This looks weird, but peeking at the prototypes of the involved functions might help clear things up:

/\*\* adds a job functor

    @param functor
    Functor to call when job is to be executed

    @param prerequisites
    Vector of indices into the job queue, that must be processed
    strictly before this job. Permitted to use not-yet-existing 
    indices.
 \*/
template job_queue::add_job( Func               functor,
                                            vector const& prerequisites );

and

/\*\* calculates cell value

    @param io_results
    In/out result vector. Receives resulting cell value, and is used
    to read referenced cell's input values.

    @param content
    Cell content

    @param cell_index
    Index of cell to process
 \*/
parse_step_2( vector& io_results,
              string const&   content,
              int             cell_num );

This job queue can then decide, either globally or via policies, what to do in various situations:

    Circular dependencies: either refuse working on such a job, or use a default value for an arbitrary member of the cycle (to break it)

    Whether to execute jobs in parallel or not. Depending on the number of cores available (both physically and load-wise), the queue could decide to stay single-threaded, if the number of jobs is low, or multi-threaded for a larger number of jobs. Note that this decision might be highly influenced by the amount of work a single job involves, and therefore external hints to the queue might be necessary. Kudos to mhu for the hint, that it's wise to parallelize ten jobs that take one hour each, but not so for twenty jobs that only take a few microseconds to complete.

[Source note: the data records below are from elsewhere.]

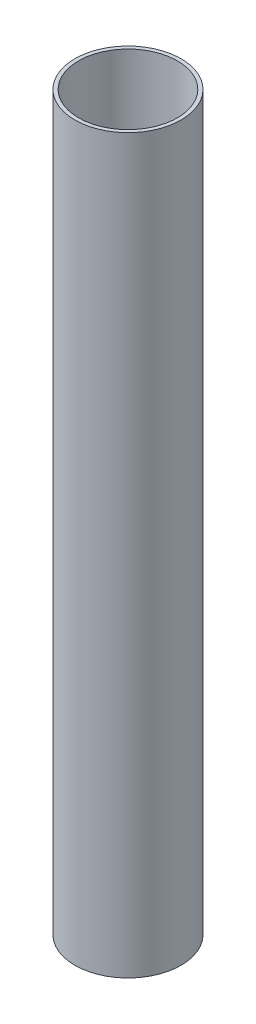
SolidWorks part; units mm, degrees
ref_plane "Front Plane" through (0, 0, 0) normal (0, 0, 1) x (1, 0, 0)
ref_plane "Top Plane" through (0, 0, 0) normal (0, 1, 0) x (1, 0, 0)
ref_plane "Right Plane" through (0, 0, 0) normal (1, 0, 0) x (0, 0, -1)
sketch "Sketch1" plane through (0, 0, 0) normal (0, 1, 0) x (1, 0, 0)
  circle A0 centre (0, 0) radius 27
  circle A1 centre (0, 0) radius 29
  dimension "D1" = 58
  dimension "D2" = 2
extrude "Boss-Extrude1" add sketch "Sketch1" along normal blind 400
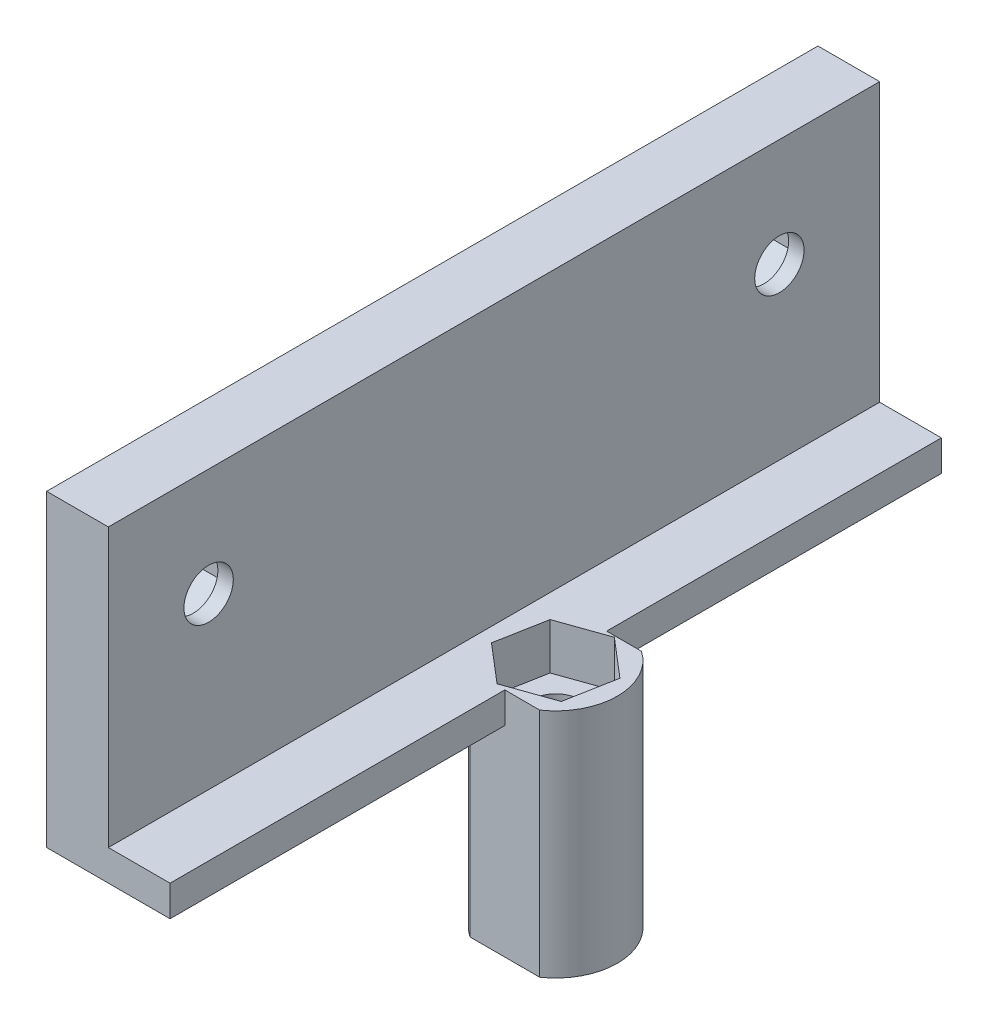
SolidWorks part; units mm, degrees
ref_plane "Alzado" through (0, 0, 0) normal (0, 0, 1) x (1, 0, 0)
ref_plane "Planta" through (0, 0, 0) normal (0, 1, 0) x (1, 0, 0)
ref_plane "Vista lateral" through (0, 0, 0) normal (1, 0, 0) x (0, 0, -1)
sketch "Croquis5" plane through (0, 0, 0) normal (0, 1, 0) x (1, 0, 0)
  line L0 (-65.6098, 16.7628) -> (-61.0888, 16.7628)
  line L1 (-63.3493, 13.4628) -> (-59.3493, 13.4628) construction
  line L2 (-59.3493, 13.4628) -> (-67.3493, 13.4628) construction
  line L3 (-65.6098, 10.1628) -> (-61.0888, 10.1628)
  circle A0 centre (-63.3493, 13.4628) radius 1.6
  arc A1 (-65.6098, 16.7628) -> (-65.6098, 10.1628) centre (-63.3493, 13.4628) ccw
  arc A2 (-61.0888, 10.1628) -> (-61.0888, 16.7628) centre (-63.3493, 13.4628) ccw
  dimension "D1" = 3.2
  dimension "D2" = 8
  dimension "D3" = 3.3
extrude "Saliente-Extruir3" add sketch "Croquis5" along normal blind 15
sketch "Croquis7" plane through (0, 15, 0) normal (0, 1, 0) x (1, 0, 0)
  line L0 (-63.3493, 13.4628) -> (-63.3493, -11.5372)
  line L1 (-63.3493, -11.5372) -> (-71.3493, -11.5372)
  line L2 (-71.3493, -11.5372) -> (-71.3493, 38.4628)
  line L3 (-71.3493, 38.4628) -> (-63.3493, 38.4628)
  line L4 (-63.3493, 38.4628) -> (-63.3493, 13.4628)
  dimension "D1" = 50
  dimension "D2" = 25
  dimension "D3" = 8
extrude "Saliente-Extruir5" add sketch "Croquis7" against normal blind 2
sketch "Croquis9" plane through (0, 15, 0) normal (0, 1, 0) x (1, 0, 0)
  line L1 (-60.2742, 14.5513) -> (-62.7544, 16.6701)
  line L2 (-62.7544, 16.6701) -> (-65.8295, 15.5816)
  line L3 (-65.8295, 15.5816) -> (-66.4243, 12.3743)
  line L4 (-66.4243, 12.3743) -> (-63.9441, 10.2555)
  line L5 (-63.9441, 10.2555) -> (-60.8691, 11.344)
  line L6 (-60.8691, 11.344) -> (-60.2742, 14.5513)
  circle A0 centre (-63.3493, 13.4628) radius 2.825 construction
  point P1 (0, 0)
  dimension "D1" = 5.65
extrude "Cortar-Extruir3" cut sketch "Croquis9" against normal blind 3
sketch "Croquis10" plane through (0, 15, 0) normal (0, 1, 0) x (1, 0, 0)
  line L0 (-71.3493, 38.4628) -> (-67.3493, 38.4628)
  line L1 (-63.3493, 38.4628) -> (-71.3493, 38.4628) construction
  line L2 (-67.3493, 38.4628) -> (-67.3493, -11.5372)
  line L3 (-71.3493, -11.5372) -> (-63.3493, -11.5372) construction
  line L4 (-67.3493, -11.5372) -> (-71.3493, -11.5372)
  line L5 (-71.3493, -11.5372) -> (-71.3493, 38.4628)
extrude "Saliente-Extruir6" add sketch "Croquis10" along normal blind 18
sketch "Croquis17" plane through (-67.3493, 0, 0) normal (1, 0, 0) x (0, 0, -1)
  line L0 (-11.5372, 33) -> (-11.5372, 15) construction
  line L2 (13.4628, 15) -> (13.4628, 41.5406) construction
  line L3 (-11.5372, 15) -> (38.4628, 15) construction
  line L4 (-11.5372, 33) -> (38.4628, 33) construction
  circle A0 centre (-5.0372, 26) radius 1.6
  circle A1 centre (31.9628, 26) radius 1.6
  dimension "D1" = 6.5
  dimension "D3" = 3.2
  dimension "D2" = 7
extrude "Cortar-Extruir4" cut sketch "Croquis17" against normal blind 4
sketch "Croquis19" plane through (-71.3493, 0, 0) normal (-1, 0, 0) x (0, 0, 1)
  line L0 (-13.4628, 13) -> (-13.4628, 37.9075) construction
  line L1 (-31.9628, 29.2332) -> (-34.7628, 27.6166)
  line L2 (-34.7628, 27.6166) -> (-34.7628, 24.3834)
  line L3 (-34.7628, 24.3834) -> (-31.9628, 22.7668)
  line L4 (-31.9628, 22.7668) -> (-29.1628, 24.3834)
  line L5 (-29.1628, 24.3834) -> (-29.1628, 27.6166)
  line L6 (-29.1628, 27.6166) -> (-31.9628, 29.2332)
  line L13 (-38.4628, 13) -> (11.5372, 13) construction
  line L14 (2.2372, 27.6166) -> (5.0372, 29.2332)
  line L15 (2.2372, 24.3834) -> (2.2372, 27.6166)
  line L16 (5.0372, 22.7668) -> (2.2372, 24.3834)
  line L17 (7.8372, 24.3834) -> (5.0372, 22.7668)
  line L18 (7.8372, 27.6166) -> (7.8372, 24.3834)
  line L19 (5.0372, 29.2332) -> (7.8372, 27.6166)
  circle A0 centre (-31.9628, 26) radius 2.8 construction
  point P1 (0, 0)
  dimension "D1" = 5.6
extrude "Cortar-Extruir6" cut sketch "Croquis19" against normal blind 3
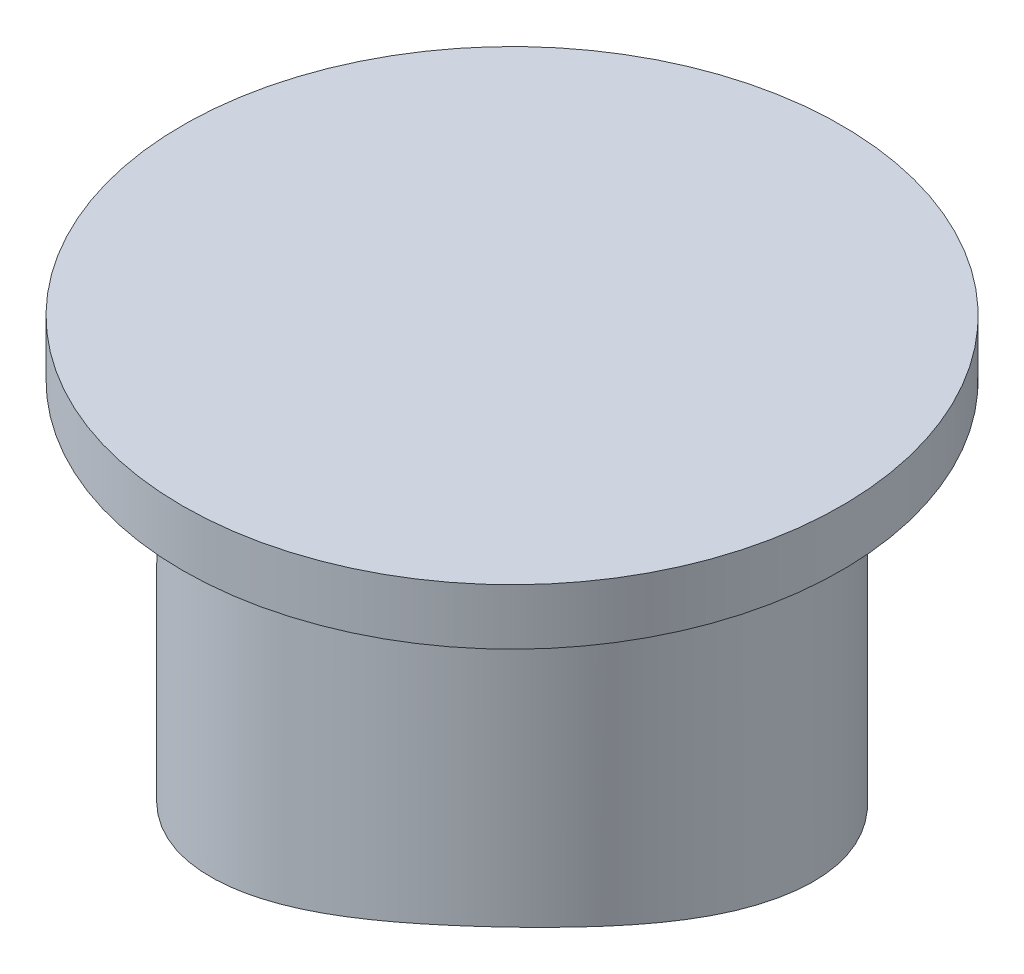
SolidWorks part; units mm, degrees
ref_plane "Ön Düzlem" through (0, 0, 0) normal (0, 0, 1) x (1, 0, 0)
ref_plane "Üst Düzlem" through (0, 0, 0) normal (0, 1, 0) x (1, 0, 0)
ref_plane "Sağ Düzlem" through (0, 0, 0) normal (1, 0, 0) x (0, 0, -1)
sketch "Sketch2" plane through (0, 0, 0) normal (0, 1, 0) x (1, 0, 0)
  circle A0 centre (0, 0) radius 29.5
  dimension "D1" = 59
extrude "Boss-Extrude1" add sketch "Sketch2" along normal blind 5
sketch "Sketch3" plane through (0, 0, 0) normal (0, -1, 0) x (1, 0, 0)
  circle A0 centre (0, 0) radius 22.5
  dimension "D1" = 45
extrude "Boss-Extrude2" add sketch "Sketch3" along normal blind 100
sketch "Sketch4" plane through (-63.9962, 0, 59.6719) normal (-0.7314, 0, 0.682) x (0.682, 0, 0.7314)
  line L3 (-29.1254, -34.1695) -> (-29.1254, -106.9933)
  line L4 (-29.1254, -106.9933) -> (28.3337, -106.9933)
  line L5 (28.3337, -106.9933) -> (28.3337, -22.4964)
  spline S0 degree 3 poles (-29.1254, -34.1695) (-19.0275, -34.2272) (-4.4808, -34.0282) (14.9267, -29.7721) (24.2569, -26.2835) (28.3337, -22.4964) knots 0 0 0 0 0.508724 0.724603 1 1 1 1
  point P2 (0, 0)
  point P8 (0, 0)
  point P10 (0, 0)
  point P11 (0, 0)
  point P14 (0, 0)
  point P15 (0, 0)
  point P16 (0, 0)
  point P17 (0, 0)
extrude "Cut-Extrude1" cut sketch "Sketch4" against normal blind 181

At any rate, fine-tuning this to various hardware, operating systems and deployment settings is much easier than for manual thread creations. Plus, given a few (falsifiable) attributes of the functions called, it's also much safer.

Saturday Nov 04, 2006

OOo my Threading (2)

I've already talked a bit about status quo of threading in OOo, and listed some largely useful stuff that others have been doing to remedy the problems shared-state multi-threading poses.

Why not going further? If there's a way to know that a function is pure, or that an object is thread-safe, then it would be nice to have automatic parallelization employed. The underlying issue that needs to be controlled here are races - prohibiting unserialized access to shared state. So, either a function is pure, i.e. does not depend on shared state at all, or the called subsystem takes care of itself against concurrent modification (this is most easily achieved by the environment concept of the UNO threading framework: the UNO runtime implicitely serializes external access to thread-unsafe appartements).

Although C++ provides no portable ways to express those concepts on a language level, for pure functions, there's a way of using a limited subset of lambda expressions, that inhibit access to shared state on the syntax level. And it's perfectly possible to mark objects (or even subsets of a class' methods) to be thread-safe. One straight-forward way to do this are specializations of UNO interface references, i.e. ones that denote thread-safe components.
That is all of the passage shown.